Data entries
§

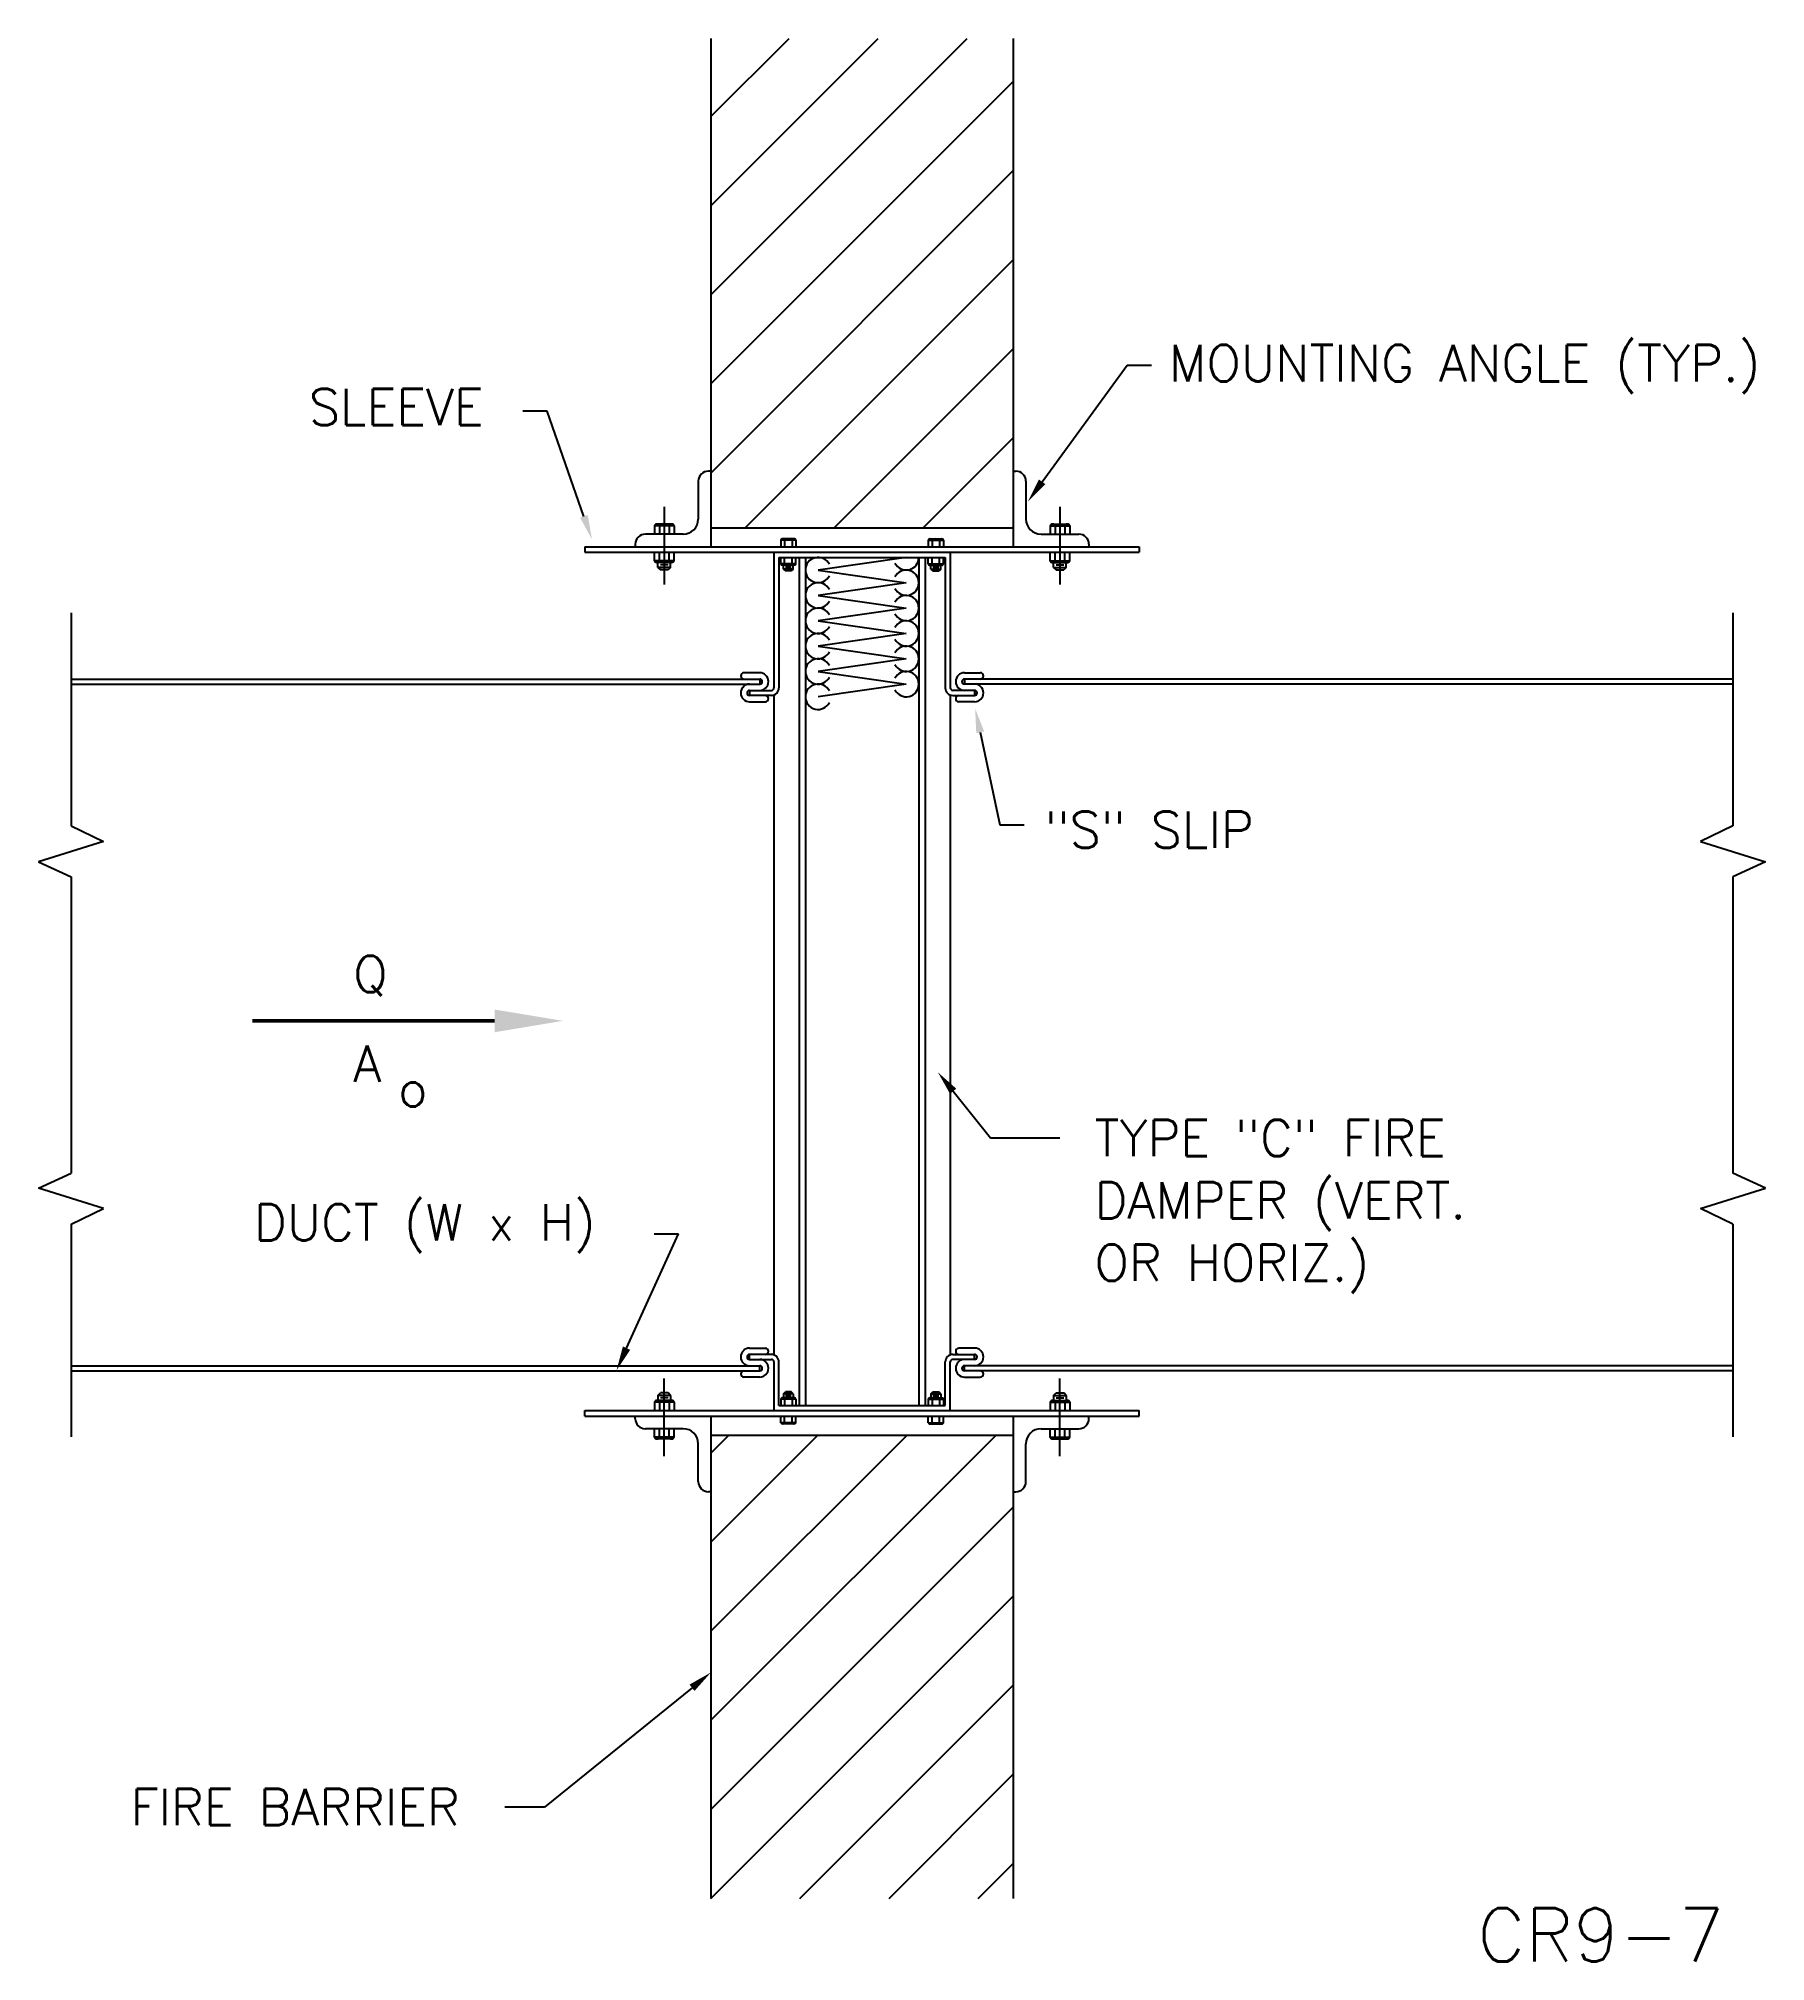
# Model space of a CAD drawing. Extents: x 1.66 to 8.78, y 0.26 to 8.18.
import ezdxf
from ezdxf.enums import TextEntityAlignment as Align

# ---------------------------------------------------------------- set-up
doc = ezdxf.new("R2010")
doc.units = 0
doc.header["$LTSCALE"] = 0.5
doc.header["$MEASUREMENT"] = 0
doc.linetypes.add('CENTER', pattern=[2, 1.25, -0.25, 0.25, -0.25])
doc.layers.get('0').update_dxf_attribs({"linetype": 'CONTINUOUS'})
doc.layers.add('NUMBER', color=7, linetype='CENTER')
doc.styles.get("Standard").update_dxf_attribs({"font": 'SIMPLEX'})

msp = doc.modelspace()

# ---------------------------------------------------------------- linework, layer by layer
for p, q in [((4.4345, 8.1792), (4.4345, 6.0851)), ((5.6803, 8.1792), (5.6803, 6.0851)), ((5.7992, 6.3526), (6.1494, 6.8337)), ((6.1494, 6.8337), (6.2494, 6.8337)), ((3.7595, 6.6433), (3.6595, 6.6433)), ((3.9115, 6.2103), (3.7595, 6.6433)), ((4.3826, 6.355), (4.3826, 6.1993)), ((4.4345, 6.3966), (4.4242, 6.3966)), ((5.6803, 6.3966), (5.6907, 6.3966)), ((5.7322, 6.355), (5.7322, 6.1993)), ((4.2425, 6.2501), (4.2425, 5.9297)), ((5.8724, 6.2501), (5.8724, 5.9297)), ((4.3204, 6.137), (4.1646, 6.137)), ((4.202, 6.1719), (4.2076, 6.1785)), ((4.283, 6.1719), (4.202, 6.1719)), ((4.202, 6.1719), (4.202, 6.137)), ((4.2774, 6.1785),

§

Exercise details
The reply must hold every line above exactly as written and none of the pictures.

Output of the task
# Model space of a CAD drawing. Extents: x 1.66 to 8.78, y 0.26 to 8.18.
import ezdxf
from ezdxf.enums import TextEntityAlignment as Align

# ---------------------------------------------------------------- set-up
doc = ezdxf.new("R2010")
doc.units = 0
doc.header["$LTSCALE"] = 0.5
doc.header["$MEASUREMENT"] = 0
doc.linetypes.add('CENTER', pattern=[2, 1.25, -0.25, 0.25, -0.25])
doc.layers.get('0').update_dxf_attribs({"linetype": 'CONTINUOUS'})
doc.layers.add('NUMBER', color=7, linetype='CENTER')
doc.styles.get("Standard").update_dxf_attribs({"font": 'SIMPLEX'})

msp = doc.modelspace()

# ---------------------------------------------------------------- linework, layer by layer
for p, q in [((4.4345, 8.1792), (4.4345, 6.0851)), ((5.6803, 8.1792), (5.6803, 6.0851)), ((5.7992, 6.3526), (6.1494, 6.8337)), ((6.1494, 6.8337), (6.2494, 6.8337)), ((3.7595, 6.6433), (3.6595, 6.6433)), ((3.9115, 6.2103), (3.7595, 6.6433)), ((4.3826, 6.355), (4.3826, 6.1993)), ((4.4345, 6.3966), (4.4242, 6.3966)), ((5.6803, 6.3966), (5.6907, 6.3966)), ((5.7322, 6.355), (5.7322, 6.1993)), ((4.2425, 6.2501), (4.2425, 5.9297)), ((5.8724, 6.2501), (5.8724, 5.9297)), ((4.3204, 6.137), (4.1646, 6.137)), ((4.202, 6.1719), (4.2076, 6.1785)), ((4.283, 6.1719), (4.202, 6.1719)), ((4.202, 6.1719), (4.202, 6.137)), ((4.2774, 6.1785),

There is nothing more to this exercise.